I plan on keeping 14 to 16 birds 

would this size loft be to small to divide in half?


----------



## george simon (Feb 28, 2006)

*Hi MARCIO, Yes you can divide the loft in half. What breed of birds will you be getting? The reason I ask is the breed of bird will be a factor in the number of birds that you can house in a loft. You speak of 14 or 16 birds that would be 7 or 8 pair of breeders. Now I must point out that if you breed two rounds of young from each pair that will come to 32 more birds. I just want you to under stand that you may have to control the number of birds that you breed. I would say start with 8 birds (4)pair.How far away is SALT POINT, NY from where you live?I know someone that lives there that may be able to help you.* GEORGE


----------



## Marcio NY (Sep 15, 2008)

Hi George

I plan on keeping homers.

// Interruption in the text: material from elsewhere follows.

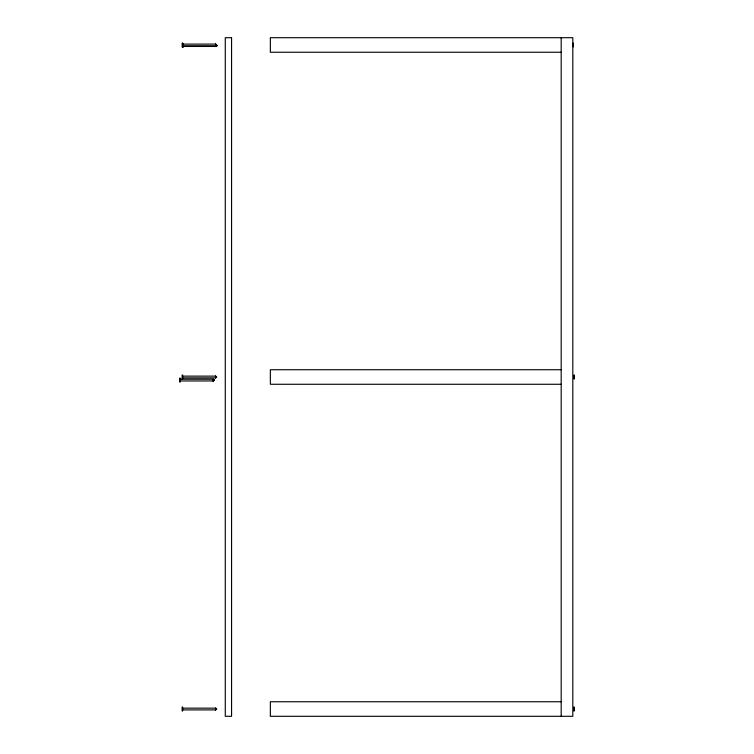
<?xml version="1.0" encoding="UTF-8"?>
<svg xmlns="http://www.w3.org/2000/svg" width="754" height="754" viewBox="0 0 754 754"><rect width="100%" height="100%" fill="white"/><g stroke="black" fill="none" stroke-linecap="round" stroke-linejoin="round"><path stroke-width="1.13" d="M182.619 44.1L215.578 44.1L216.549 44.967L215.578 45.843L182.619 45.843M216.021 44.74L216.982 45.589L216.021 46.428L216.021 44.712L216.982 45.589L216.021 46.456L183.052 46.456M182.619 376.123L215.578 376.123L216.549 377L215.578 377.877L182.619 377.877M180.197 380.949L213.156 380.949L214.127 380.082L213.156 379.205L180.197 379.205M182.619 709.9L215.578 709.9L216.549 709.033L215.578 708.157L182.619 708.157M215.578 45.73L216.549 44.967L215.578 44.213L216.549 44.967L215.578 45.815L215.578 44.1M215.578 376.246L216.549 377L215.578 377.839L215.578 376.123L216.549 377L215.578 377.754M213.156 379.328L214.127 380.082L213.156 380.921L214.127 380.082L213.156 379.234L213.156 380.949M215.578 708.27L216.549 709.033L215.578 709.872L216.549 709.033L215.578 708.185L215.578 709.9M216.021 46.343L216.982 45.589L216.021 44.835M215.578 45.589L216.549 44.967L215.578 44.354M216.021 46.201L216.982 45.589L216.021 44.967M215.578 377.613L216.549 377L215.578 376.387M213.156 380.695L214.127 380.082L213.156 379.46M215.578 709.646L216.549 709.033L215.578 708.411M215.578 45.41L216.549 44.967L215.578 44.533M216.021 46.022L216.982 45.589L216.021 45.146M215.578 377.434L216.549 377L215.578 376.566M213.156 380.516L214.127 380.082L213.156 379.648M215.578 709.467L216.549 709.033L215.578 708.59M215.578 45.193L216.549 44.967L215.578 44.74M216.021 45.815L216.982 45.589L216.021 45.363M215.578 377.226L216.549 377L215.578 376.774M213.156 380.308L214.127 380.082L213.156 379.856M215.578 709.26L216.549 709.033L215.578 708.807M215.578 44.967L216.549 44.967M216.021 45.589L216.982 45.589M561.183 52.243L270.356 52.243L270.356 37.7L572.814 37.7L572.814 716.3L270.356 716.3L270.356 701.757L561.183 701.757M561.183 369.733L270.356 369.733L270.356 384.267L561.183 384.267M215.578 377L216.549 377M213.156 380.082L214.127 380.082M215.578 709.033L216.549 709.033M574.265 375.058L574.284 378.951M574.265 707.092L574.265 710.965M573.785 375.058L573.803 378.951M573.785 707.092L573.785 710.965M573.294 43.035L573.294 46.908M561.183 37.7L561.183 716.3M183.052 43.647L183.052 44.213M183.052 45.589L183.052 47.521M182.619 43.035L182.572 47.521M182.619 375.058L182.619 378.942M182.619 707.092L182.619 710.965M182.138 43.035L182.138 46.908M182.138 375.058L182.138 378.942M182.138 707.092L182.138 710.965M180.197 378.14L180.197 382.024M179.716 378.14L179.716 382.024M231.572 37.7L225.276 37.7L225.276 716.3L231.572 716.3L231.572 37.7"/></g></svg>

I would like to get into racing down the line.
I deffinatly like to control the breeding due to the size loft.
I need to learn more about the diffrent types of racing there is widowhood,yb,ob ect. I need to know more about the diet and care required to keep healthy birds.


----------



## Marcio NY (Sep 15, 2008)

and yes Salt Point is northeast of me. thanks for the help.
Marcio.


----------



## hillfamilyloft (Jun 22, 2005)

Marcio

I would get some young birds first. get them young enough for the girls to get attached to them. With kids it is nice to have all the birds tame. This will help them get attached more with the birds. As long as the girls are hooked, mom will be more accepting. Older birds will not be so tame. They can hand feed the young birds. You should also be able to get some racing birds fairly cheap. It is nice to have a team flying. This will also be a good learning experience for the kids. 

Randy


----------



## TheGame (Apr 17, 2008)

I see you live in NY. You might wanna keep the birds in lockdown till the BOP's leave...


----------